Thomas Whately, in Observations on Modern Gardening, writes:
"In landscape gardening violations of unity are often to be met with, and they are always indicative of the absence of correct taste in art. Looking upon a landscape from the windows of a villa residence, we sometimes see a considerable portion of the view embraced by the eye laid out in natural groups of trees and shrubs, and upon one side, or, perhaps, in the middle of the same scene, a formal avenue leading directly up to the house. Such a view can never appear a satisfactory whole, because we experience a confusion of sensations in contemplating it. There is an evident incongruity in bringing two modes of arranging plantations, so totally different, under the eye at one moment, which distracts, rather than pleases the mind. In this example, the avenue, taken by itself, may be a beautiful object, and the groups and connected masses may, in themselves, be elegant, yet if the two portions are seen together, they will not form a whole, because they cannot make a composite idea. For the same reason, there is something unpleasing in the introduction of fruit trees among elegant ornamental trees on a lawn, or even in assembling together, in the same beds, flowering plants, and culinary vegetables—one class of vegetation suggesting the useful, and homely, alone to the mind, and the other, avowedly, only the ornamental.

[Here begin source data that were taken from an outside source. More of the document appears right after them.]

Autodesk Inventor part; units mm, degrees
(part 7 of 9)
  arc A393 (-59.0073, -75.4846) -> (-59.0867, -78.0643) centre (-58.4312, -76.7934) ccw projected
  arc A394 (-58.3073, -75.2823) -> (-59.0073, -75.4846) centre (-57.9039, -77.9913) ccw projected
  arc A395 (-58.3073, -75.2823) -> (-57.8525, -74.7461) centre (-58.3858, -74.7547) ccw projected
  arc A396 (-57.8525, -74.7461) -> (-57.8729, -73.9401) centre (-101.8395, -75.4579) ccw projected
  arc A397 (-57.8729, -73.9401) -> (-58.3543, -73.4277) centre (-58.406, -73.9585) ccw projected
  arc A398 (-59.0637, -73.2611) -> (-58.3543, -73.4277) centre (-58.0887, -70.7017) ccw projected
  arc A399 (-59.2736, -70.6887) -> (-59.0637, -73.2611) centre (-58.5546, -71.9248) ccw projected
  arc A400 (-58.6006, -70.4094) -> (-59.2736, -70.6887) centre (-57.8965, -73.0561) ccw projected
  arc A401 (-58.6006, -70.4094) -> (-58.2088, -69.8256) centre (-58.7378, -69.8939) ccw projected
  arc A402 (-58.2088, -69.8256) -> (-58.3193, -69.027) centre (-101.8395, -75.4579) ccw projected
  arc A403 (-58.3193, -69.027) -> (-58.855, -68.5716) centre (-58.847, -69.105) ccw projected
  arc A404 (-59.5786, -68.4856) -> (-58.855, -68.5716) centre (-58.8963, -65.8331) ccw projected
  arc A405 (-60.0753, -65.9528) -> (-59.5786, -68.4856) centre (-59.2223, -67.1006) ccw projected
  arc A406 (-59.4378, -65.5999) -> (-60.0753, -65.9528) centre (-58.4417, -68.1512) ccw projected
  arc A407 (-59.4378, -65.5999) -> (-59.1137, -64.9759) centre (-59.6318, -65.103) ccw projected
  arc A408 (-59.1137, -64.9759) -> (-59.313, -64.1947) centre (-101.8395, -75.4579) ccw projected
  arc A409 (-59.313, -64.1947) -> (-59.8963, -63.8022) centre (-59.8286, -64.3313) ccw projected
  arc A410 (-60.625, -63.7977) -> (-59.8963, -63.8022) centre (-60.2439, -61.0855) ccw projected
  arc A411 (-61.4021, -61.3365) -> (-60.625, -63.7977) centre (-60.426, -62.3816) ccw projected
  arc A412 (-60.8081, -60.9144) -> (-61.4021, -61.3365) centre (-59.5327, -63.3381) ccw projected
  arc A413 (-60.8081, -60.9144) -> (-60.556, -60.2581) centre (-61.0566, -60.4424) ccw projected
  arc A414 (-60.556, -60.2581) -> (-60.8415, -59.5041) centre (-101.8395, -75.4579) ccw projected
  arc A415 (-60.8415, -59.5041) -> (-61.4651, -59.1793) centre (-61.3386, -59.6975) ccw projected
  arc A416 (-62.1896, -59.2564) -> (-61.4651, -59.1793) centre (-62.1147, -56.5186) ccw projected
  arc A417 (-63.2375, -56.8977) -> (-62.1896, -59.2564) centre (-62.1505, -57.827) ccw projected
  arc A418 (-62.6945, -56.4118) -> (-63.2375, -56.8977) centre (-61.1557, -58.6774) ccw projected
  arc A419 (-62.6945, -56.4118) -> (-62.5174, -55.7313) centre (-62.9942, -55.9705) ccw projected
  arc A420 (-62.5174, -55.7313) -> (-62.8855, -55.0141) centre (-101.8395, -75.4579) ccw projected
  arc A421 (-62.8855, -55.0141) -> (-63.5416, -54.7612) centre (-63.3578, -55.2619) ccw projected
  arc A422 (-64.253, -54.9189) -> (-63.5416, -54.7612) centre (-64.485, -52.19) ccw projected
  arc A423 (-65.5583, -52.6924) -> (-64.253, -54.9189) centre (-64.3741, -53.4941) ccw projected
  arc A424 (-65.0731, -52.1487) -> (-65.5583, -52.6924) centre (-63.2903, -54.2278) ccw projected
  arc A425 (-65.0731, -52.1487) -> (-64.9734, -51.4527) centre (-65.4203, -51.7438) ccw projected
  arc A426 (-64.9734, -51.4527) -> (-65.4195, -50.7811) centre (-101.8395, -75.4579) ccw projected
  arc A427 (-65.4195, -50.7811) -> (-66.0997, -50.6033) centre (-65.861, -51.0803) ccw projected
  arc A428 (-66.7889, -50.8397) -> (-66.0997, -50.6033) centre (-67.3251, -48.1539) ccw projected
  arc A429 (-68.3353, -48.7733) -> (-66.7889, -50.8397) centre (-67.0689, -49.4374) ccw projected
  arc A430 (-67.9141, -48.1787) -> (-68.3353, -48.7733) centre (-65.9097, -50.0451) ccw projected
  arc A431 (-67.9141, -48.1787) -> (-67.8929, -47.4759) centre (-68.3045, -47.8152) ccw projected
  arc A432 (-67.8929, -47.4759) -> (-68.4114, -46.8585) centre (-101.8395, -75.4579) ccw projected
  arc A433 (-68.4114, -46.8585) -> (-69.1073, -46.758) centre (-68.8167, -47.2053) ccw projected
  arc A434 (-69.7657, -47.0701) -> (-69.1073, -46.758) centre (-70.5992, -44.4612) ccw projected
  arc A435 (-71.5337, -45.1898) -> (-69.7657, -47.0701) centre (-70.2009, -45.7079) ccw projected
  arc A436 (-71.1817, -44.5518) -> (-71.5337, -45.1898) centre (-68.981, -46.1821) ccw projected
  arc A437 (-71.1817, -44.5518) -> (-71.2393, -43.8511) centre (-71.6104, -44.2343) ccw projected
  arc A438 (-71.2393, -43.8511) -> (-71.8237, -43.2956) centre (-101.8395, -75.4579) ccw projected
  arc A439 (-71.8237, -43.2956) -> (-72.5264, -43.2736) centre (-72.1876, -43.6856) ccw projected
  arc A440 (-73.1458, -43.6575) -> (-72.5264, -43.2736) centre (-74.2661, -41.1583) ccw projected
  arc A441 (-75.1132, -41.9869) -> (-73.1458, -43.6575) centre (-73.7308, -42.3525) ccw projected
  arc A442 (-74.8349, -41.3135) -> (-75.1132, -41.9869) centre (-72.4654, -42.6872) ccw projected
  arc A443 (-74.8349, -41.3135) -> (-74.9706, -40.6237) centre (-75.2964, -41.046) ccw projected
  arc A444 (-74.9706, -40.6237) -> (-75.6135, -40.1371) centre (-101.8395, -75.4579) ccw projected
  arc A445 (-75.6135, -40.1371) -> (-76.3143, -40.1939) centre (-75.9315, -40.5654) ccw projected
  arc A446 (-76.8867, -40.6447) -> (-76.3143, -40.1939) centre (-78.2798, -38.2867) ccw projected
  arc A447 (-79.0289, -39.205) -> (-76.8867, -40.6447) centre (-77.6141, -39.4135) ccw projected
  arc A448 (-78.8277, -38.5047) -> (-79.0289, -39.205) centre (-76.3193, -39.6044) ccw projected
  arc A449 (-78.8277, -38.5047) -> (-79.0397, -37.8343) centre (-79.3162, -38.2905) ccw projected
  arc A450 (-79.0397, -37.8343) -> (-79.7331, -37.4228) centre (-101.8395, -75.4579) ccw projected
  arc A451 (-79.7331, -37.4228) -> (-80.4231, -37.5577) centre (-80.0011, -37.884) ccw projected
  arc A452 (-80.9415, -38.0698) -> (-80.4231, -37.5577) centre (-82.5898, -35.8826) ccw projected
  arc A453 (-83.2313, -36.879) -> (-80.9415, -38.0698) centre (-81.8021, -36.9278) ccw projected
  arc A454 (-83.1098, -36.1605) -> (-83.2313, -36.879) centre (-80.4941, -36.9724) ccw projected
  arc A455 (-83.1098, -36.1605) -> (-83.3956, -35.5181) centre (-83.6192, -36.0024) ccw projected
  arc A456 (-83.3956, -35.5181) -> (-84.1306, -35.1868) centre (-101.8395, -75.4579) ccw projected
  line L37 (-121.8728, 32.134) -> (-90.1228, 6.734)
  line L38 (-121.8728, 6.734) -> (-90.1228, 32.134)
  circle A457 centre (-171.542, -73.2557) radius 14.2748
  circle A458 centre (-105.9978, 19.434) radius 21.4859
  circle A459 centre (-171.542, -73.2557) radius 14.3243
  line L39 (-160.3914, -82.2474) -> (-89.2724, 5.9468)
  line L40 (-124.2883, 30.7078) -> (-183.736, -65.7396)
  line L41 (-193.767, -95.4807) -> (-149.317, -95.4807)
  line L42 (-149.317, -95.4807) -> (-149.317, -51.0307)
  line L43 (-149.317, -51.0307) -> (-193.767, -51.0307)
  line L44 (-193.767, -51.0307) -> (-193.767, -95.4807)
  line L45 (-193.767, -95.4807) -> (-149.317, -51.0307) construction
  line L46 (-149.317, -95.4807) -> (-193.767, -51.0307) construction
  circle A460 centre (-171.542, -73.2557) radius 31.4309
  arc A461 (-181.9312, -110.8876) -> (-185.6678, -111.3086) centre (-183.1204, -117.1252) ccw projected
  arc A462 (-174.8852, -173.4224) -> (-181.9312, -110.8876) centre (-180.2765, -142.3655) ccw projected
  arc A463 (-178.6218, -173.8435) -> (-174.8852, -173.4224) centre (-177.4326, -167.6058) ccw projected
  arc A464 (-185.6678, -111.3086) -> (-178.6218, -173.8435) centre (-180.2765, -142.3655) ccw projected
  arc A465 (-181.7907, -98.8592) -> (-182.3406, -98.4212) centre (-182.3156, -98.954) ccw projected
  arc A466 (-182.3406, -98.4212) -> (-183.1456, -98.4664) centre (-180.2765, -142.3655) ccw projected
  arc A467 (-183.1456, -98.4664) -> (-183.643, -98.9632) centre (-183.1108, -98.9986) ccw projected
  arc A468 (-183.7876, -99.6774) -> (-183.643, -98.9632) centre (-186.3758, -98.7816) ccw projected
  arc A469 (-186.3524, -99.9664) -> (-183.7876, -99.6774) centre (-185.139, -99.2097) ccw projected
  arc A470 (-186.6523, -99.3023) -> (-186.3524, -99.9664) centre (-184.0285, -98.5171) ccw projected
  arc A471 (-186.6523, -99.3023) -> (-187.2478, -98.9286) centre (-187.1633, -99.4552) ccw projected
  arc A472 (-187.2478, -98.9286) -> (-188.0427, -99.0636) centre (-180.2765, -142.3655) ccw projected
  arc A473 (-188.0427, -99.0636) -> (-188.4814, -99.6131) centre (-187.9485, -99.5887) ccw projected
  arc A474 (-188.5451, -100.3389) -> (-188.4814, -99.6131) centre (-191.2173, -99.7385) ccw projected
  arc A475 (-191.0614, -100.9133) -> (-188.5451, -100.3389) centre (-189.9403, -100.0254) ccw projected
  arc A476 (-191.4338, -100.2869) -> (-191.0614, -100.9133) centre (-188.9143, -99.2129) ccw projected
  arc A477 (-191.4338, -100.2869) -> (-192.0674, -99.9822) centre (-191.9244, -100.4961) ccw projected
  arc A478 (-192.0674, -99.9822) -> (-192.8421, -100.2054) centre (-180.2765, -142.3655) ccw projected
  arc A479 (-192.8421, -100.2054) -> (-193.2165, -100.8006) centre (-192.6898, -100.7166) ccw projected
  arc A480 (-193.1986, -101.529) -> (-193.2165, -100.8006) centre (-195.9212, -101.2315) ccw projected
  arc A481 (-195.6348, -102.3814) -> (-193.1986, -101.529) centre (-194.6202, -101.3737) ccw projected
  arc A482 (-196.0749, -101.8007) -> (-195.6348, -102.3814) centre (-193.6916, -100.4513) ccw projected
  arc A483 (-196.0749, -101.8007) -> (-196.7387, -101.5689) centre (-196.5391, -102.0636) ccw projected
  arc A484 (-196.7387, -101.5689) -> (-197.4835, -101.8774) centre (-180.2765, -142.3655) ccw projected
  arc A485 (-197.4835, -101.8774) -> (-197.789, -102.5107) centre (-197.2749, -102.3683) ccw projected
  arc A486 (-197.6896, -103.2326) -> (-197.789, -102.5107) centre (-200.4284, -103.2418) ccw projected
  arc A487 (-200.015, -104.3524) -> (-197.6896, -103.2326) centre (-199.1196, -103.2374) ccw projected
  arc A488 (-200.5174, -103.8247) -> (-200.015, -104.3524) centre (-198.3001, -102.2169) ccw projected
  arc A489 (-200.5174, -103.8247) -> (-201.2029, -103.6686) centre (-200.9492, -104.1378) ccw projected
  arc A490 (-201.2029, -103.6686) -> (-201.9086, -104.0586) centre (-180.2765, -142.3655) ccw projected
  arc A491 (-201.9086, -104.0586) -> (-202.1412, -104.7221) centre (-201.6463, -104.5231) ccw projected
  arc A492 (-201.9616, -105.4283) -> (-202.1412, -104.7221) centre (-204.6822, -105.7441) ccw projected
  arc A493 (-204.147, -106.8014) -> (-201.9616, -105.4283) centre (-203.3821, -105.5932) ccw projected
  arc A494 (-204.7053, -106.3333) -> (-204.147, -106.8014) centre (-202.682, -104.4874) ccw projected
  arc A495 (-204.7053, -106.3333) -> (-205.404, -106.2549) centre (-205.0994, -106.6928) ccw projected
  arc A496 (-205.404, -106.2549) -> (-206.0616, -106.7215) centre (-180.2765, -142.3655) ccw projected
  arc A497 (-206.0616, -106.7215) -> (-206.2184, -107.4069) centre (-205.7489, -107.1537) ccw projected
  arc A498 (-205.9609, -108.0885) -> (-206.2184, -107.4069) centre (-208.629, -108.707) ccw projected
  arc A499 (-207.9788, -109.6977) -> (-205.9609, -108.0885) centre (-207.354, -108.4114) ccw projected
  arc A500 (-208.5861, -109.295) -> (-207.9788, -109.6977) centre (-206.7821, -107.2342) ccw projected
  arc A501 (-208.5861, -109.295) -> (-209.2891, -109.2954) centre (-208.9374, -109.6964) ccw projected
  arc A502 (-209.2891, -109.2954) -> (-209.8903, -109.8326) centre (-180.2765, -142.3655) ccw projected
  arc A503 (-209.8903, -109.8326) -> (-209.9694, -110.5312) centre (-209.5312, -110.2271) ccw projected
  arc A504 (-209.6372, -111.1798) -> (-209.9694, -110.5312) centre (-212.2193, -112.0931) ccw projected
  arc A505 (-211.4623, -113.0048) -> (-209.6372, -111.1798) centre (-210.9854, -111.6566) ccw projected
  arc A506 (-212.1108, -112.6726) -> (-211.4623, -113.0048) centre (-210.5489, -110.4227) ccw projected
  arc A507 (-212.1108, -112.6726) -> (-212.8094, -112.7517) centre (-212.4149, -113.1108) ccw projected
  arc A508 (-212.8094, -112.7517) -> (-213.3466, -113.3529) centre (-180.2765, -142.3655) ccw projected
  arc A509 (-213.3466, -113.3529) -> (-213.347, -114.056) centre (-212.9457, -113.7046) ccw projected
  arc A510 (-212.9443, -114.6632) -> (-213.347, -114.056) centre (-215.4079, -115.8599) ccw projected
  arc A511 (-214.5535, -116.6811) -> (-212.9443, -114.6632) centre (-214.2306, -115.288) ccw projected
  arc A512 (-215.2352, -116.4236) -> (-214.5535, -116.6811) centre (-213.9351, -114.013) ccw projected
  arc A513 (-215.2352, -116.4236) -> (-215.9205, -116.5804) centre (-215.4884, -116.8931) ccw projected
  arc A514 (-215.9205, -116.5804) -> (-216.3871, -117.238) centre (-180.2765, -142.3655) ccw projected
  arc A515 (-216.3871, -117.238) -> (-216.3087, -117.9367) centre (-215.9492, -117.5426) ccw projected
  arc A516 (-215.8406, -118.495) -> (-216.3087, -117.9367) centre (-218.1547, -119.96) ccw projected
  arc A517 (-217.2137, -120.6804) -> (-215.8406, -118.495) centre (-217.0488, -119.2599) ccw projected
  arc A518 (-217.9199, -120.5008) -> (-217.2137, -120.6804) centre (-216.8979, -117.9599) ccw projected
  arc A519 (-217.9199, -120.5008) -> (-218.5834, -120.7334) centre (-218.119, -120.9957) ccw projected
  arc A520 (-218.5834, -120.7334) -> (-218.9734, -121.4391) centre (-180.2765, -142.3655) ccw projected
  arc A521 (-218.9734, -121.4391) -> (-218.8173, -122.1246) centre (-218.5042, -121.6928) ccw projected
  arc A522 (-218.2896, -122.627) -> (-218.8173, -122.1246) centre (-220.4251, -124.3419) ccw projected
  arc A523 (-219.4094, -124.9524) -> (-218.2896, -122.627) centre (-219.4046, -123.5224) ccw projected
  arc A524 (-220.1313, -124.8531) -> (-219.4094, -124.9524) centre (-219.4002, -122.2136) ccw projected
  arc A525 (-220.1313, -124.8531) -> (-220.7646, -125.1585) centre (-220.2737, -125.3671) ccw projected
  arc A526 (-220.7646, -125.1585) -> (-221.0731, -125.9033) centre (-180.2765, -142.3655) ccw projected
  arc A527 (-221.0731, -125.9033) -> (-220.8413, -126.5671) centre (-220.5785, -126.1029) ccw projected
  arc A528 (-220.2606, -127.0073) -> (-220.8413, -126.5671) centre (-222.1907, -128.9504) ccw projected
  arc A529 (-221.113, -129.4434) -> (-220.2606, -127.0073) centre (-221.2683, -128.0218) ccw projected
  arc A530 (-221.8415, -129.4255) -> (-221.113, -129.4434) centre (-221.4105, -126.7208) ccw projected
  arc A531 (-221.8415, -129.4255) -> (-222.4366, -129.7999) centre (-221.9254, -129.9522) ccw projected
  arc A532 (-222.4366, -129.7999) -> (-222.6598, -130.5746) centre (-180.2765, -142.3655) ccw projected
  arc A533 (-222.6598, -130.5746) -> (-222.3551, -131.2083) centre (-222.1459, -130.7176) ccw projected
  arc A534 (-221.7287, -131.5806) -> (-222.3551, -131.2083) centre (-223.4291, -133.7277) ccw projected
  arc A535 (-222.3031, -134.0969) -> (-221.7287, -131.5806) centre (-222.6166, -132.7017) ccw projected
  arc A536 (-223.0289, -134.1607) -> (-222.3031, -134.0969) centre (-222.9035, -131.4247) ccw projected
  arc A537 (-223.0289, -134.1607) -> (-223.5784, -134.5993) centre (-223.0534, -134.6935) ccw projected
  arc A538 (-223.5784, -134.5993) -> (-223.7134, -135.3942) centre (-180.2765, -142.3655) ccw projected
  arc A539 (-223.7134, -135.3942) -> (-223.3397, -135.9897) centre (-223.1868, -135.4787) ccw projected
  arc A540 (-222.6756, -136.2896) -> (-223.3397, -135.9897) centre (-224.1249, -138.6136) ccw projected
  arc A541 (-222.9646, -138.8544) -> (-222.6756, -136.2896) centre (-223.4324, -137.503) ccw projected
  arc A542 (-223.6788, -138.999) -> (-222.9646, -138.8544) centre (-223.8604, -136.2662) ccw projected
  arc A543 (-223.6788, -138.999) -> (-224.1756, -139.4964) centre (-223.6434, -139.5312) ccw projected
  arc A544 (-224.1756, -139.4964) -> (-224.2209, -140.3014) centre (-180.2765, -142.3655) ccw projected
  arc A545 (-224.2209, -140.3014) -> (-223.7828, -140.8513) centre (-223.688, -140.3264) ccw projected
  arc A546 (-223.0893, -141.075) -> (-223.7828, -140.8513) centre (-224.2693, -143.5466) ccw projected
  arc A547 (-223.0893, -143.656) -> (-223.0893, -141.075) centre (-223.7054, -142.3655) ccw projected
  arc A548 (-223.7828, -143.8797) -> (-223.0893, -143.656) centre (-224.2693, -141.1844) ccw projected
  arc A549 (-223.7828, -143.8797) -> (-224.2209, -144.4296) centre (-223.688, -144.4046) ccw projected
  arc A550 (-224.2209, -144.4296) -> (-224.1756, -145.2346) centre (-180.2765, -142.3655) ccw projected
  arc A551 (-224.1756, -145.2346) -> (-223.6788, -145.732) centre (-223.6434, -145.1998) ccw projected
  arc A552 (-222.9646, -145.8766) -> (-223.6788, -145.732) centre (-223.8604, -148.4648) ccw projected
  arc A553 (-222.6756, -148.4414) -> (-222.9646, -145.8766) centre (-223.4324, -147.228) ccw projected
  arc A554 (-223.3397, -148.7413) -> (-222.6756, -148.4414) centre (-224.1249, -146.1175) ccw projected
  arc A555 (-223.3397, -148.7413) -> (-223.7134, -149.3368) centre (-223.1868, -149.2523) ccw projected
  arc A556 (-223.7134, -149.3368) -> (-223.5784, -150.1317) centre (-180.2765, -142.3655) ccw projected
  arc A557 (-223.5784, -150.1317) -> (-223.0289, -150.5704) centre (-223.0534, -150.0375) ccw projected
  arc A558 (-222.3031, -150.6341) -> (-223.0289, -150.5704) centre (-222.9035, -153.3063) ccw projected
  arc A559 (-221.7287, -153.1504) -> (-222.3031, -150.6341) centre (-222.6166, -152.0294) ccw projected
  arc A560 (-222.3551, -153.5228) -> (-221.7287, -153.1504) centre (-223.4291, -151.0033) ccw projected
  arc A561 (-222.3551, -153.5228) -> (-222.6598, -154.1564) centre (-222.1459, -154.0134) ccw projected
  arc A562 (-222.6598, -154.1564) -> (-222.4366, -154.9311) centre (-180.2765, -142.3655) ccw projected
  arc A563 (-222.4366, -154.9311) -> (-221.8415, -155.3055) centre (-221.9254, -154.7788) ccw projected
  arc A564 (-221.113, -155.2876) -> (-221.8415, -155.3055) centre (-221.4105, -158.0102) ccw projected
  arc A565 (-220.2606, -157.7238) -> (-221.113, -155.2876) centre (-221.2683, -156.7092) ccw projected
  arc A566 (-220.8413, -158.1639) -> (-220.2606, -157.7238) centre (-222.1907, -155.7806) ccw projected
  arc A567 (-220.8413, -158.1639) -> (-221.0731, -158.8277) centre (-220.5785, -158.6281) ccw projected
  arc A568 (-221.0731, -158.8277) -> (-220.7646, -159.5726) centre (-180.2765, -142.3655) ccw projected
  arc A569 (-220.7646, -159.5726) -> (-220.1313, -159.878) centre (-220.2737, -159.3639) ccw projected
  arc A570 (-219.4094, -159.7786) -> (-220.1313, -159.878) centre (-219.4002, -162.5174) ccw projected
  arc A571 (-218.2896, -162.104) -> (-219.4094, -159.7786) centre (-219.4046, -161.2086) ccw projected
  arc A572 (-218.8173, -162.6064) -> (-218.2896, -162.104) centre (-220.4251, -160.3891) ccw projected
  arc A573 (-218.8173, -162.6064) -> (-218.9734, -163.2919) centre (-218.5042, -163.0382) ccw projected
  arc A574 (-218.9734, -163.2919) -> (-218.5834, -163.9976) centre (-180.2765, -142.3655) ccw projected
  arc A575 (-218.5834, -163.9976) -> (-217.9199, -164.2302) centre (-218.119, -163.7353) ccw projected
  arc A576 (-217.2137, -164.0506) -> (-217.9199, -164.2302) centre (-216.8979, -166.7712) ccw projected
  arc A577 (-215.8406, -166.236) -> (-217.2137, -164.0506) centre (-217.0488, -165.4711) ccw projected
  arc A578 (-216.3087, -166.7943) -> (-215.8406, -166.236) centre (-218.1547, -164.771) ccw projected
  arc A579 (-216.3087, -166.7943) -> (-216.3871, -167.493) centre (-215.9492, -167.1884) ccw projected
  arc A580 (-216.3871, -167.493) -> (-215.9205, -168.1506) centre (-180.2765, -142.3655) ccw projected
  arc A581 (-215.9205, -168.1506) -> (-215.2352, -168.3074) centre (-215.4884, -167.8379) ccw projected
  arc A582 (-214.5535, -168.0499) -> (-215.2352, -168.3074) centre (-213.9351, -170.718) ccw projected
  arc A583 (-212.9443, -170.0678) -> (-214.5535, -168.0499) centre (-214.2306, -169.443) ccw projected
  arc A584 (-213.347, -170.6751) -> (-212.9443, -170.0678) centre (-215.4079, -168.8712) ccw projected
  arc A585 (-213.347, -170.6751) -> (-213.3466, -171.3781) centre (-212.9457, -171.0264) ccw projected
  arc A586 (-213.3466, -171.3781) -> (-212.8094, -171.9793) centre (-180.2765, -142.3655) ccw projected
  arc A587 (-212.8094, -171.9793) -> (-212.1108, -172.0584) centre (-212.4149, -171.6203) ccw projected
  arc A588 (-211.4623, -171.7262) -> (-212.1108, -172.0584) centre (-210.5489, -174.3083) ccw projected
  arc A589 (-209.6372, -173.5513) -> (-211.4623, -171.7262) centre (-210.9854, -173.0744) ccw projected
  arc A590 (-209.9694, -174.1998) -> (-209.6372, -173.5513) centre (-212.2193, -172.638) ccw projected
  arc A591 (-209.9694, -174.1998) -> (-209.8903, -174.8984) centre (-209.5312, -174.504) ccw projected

"In the arrangement of a large extent of surface, where a great many objects are necessarily presented to the eye at once, the principle of unity will suggest that there should be some grand or leading features to which the others should be merely subordinate. Thus, in grouping trees, there should be some large and striking masses to which the others appear to belong, however distant, instead of scattered groups, all of the same size. Even in arranging walks, a whole will more readily be recognized, if there are one or two, of large size, with which the others appear connected as branches, than if all are equal in breadth, and present the same appearance to the eye in passing."
The difficulty with many landscape designs, whether the result of caprice, or of too strict adherence to the canons of a school, is that the plan selected is not really intelligent.
In the words of an acute and able writer, Harald Hoffding:
"Gradually man learns to substitute methods for systems and to ask how and how much in place of why. Instead of constructing the world according to the caprice of his imagination, he learns to discern the interconnection which actually obtains from it, and when in this way he gradually arrives at finding one great unity running through all things his imagination will regain in a more secure form all that it has lost when its daring pictures were crowded out by critical investigations."